**ASSIGNMENT**: The required output is all lines below that contain the word "Main".

+ + + +

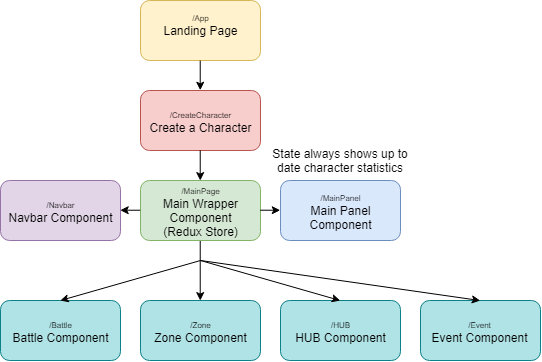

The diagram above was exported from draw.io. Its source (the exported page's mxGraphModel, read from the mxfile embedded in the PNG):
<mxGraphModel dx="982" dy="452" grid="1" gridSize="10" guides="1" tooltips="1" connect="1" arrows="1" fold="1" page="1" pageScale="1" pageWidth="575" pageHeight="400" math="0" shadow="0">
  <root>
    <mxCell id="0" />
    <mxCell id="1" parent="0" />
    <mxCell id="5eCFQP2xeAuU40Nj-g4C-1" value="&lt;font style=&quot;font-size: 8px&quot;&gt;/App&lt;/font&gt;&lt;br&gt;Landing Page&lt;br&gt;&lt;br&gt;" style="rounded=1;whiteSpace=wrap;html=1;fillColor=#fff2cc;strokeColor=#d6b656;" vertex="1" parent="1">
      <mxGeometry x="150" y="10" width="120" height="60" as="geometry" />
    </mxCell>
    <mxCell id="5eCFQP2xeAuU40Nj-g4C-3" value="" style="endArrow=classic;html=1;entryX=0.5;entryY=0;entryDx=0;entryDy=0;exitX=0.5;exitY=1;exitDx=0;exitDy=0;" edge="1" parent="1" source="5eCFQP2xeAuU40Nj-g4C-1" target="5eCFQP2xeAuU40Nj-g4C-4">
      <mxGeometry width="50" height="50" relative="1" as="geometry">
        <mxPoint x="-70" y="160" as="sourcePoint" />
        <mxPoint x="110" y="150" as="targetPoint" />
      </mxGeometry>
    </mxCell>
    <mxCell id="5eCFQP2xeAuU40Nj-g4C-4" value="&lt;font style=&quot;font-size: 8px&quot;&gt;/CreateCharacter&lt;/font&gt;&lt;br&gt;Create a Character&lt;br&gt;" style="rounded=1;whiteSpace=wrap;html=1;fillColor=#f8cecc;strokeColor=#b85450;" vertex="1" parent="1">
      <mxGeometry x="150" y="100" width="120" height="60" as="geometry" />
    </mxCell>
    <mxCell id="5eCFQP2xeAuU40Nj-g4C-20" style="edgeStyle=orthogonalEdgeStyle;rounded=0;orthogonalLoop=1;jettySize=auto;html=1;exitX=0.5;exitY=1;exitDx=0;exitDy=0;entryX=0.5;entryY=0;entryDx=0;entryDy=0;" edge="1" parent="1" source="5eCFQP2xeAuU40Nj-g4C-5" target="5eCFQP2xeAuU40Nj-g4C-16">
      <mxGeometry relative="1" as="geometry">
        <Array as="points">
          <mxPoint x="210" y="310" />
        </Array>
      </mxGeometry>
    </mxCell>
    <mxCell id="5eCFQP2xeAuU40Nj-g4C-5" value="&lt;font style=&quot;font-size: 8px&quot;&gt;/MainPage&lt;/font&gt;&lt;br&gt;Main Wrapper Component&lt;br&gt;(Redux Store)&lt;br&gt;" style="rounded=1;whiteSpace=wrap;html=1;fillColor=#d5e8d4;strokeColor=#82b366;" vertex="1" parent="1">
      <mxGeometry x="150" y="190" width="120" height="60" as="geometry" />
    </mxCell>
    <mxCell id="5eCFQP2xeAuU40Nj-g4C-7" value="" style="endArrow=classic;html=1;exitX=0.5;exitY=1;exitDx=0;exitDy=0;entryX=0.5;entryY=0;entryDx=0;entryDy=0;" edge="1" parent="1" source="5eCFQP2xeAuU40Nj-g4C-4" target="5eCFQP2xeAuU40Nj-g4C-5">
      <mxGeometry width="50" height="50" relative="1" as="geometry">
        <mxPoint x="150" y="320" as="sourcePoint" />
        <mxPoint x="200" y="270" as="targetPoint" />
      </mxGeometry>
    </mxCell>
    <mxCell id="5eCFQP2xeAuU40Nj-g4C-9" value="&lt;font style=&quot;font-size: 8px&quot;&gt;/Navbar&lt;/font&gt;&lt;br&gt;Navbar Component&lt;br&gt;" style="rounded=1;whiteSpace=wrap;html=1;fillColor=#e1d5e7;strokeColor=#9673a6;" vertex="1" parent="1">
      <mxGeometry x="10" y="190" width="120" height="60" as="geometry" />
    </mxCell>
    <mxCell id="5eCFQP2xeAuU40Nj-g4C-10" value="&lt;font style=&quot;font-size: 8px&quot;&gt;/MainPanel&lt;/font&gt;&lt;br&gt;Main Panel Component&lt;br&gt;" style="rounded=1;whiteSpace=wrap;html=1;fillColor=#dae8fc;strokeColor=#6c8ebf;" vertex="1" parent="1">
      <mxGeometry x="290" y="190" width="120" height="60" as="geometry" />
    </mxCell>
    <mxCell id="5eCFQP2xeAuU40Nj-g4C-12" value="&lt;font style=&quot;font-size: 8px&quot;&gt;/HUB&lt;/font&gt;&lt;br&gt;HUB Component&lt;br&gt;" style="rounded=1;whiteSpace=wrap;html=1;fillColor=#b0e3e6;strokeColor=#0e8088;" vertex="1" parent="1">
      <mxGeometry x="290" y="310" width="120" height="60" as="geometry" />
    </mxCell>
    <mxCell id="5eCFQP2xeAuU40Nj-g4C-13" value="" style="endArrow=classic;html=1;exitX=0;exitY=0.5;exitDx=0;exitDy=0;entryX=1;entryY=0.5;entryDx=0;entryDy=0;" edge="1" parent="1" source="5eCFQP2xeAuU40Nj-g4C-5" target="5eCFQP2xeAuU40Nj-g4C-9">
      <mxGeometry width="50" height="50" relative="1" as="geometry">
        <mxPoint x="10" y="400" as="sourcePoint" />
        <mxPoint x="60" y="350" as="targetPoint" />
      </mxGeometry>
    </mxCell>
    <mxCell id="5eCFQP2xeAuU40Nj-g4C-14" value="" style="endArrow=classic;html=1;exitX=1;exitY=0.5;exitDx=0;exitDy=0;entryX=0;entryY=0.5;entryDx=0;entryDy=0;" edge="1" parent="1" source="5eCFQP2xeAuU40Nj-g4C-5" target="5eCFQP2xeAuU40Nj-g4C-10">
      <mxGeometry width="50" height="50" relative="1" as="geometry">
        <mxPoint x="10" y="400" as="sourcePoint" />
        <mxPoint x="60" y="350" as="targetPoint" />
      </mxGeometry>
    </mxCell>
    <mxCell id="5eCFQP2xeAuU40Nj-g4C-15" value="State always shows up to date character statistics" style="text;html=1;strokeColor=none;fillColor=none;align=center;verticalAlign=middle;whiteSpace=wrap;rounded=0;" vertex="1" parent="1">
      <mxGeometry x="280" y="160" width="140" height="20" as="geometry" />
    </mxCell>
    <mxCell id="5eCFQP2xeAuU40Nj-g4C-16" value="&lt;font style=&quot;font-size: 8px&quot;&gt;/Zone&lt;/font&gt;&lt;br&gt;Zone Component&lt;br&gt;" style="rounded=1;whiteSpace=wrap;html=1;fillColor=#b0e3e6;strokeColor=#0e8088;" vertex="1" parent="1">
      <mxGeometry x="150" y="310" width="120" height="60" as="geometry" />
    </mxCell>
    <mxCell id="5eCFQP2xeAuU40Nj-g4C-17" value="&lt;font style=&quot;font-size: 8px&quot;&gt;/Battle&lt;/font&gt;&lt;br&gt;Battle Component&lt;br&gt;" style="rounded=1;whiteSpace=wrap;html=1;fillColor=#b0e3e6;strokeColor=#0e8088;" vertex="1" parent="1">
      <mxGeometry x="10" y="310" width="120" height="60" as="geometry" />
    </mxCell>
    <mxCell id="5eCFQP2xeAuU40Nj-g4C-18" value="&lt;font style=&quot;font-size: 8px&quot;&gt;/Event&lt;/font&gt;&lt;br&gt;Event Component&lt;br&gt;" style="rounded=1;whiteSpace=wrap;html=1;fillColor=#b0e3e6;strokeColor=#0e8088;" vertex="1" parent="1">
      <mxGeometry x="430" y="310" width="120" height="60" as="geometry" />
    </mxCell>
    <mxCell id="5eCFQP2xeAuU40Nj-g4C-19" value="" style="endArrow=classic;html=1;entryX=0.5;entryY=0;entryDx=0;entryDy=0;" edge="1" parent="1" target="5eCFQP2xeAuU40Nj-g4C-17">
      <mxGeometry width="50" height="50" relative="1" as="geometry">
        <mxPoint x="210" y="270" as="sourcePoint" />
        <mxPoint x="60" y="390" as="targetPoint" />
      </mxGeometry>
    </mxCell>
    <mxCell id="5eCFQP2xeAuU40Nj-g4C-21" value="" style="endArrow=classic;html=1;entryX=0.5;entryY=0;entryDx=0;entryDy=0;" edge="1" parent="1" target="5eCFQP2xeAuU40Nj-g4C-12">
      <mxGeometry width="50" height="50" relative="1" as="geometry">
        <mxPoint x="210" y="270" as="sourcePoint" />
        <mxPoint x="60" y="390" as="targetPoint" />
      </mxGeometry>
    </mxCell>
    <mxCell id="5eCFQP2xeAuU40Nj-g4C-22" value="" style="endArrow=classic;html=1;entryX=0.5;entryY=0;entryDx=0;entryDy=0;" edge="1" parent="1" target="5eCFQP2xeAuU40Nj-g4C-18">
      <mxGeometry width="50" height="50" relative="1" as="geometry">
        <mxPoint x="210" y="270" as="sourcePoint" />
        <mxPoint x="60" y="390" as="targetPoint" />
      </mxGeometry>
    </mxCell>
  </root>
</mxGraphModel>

+ + + +

**RESPONSE**:
    <mxCell id="5eCFQP2xeAuU40Nj-g4C-5" value="&lt;font style=&quot;font-size: 8px&quot;&gt;/MainPage&lt;/font&gt;&lt;br&gt;Main Wrapper Component&lt;br&gt;(Redux Store)&lt;br&gt;" style="rounded=1;whiteSpace=wrap;html=1;fillColor=#d5e8d4;strokeColor=#82b366;" vertex="1" parent="1">
    <mxCell id="5eCFQP2xeAuU40Nj-g4C-10" value="&lt;font style=&quot;font-size: 8px&quot;&gt;/MainPanel&lt;/font&gt;&lt;br&gt;Main Panel Component&lt;br&gt;" style="rounded=1;whiteSpace=wrap;html=1;fillColor=#dae8fc;strokeColor=#6c8ebf;" vertex="1" parent="1">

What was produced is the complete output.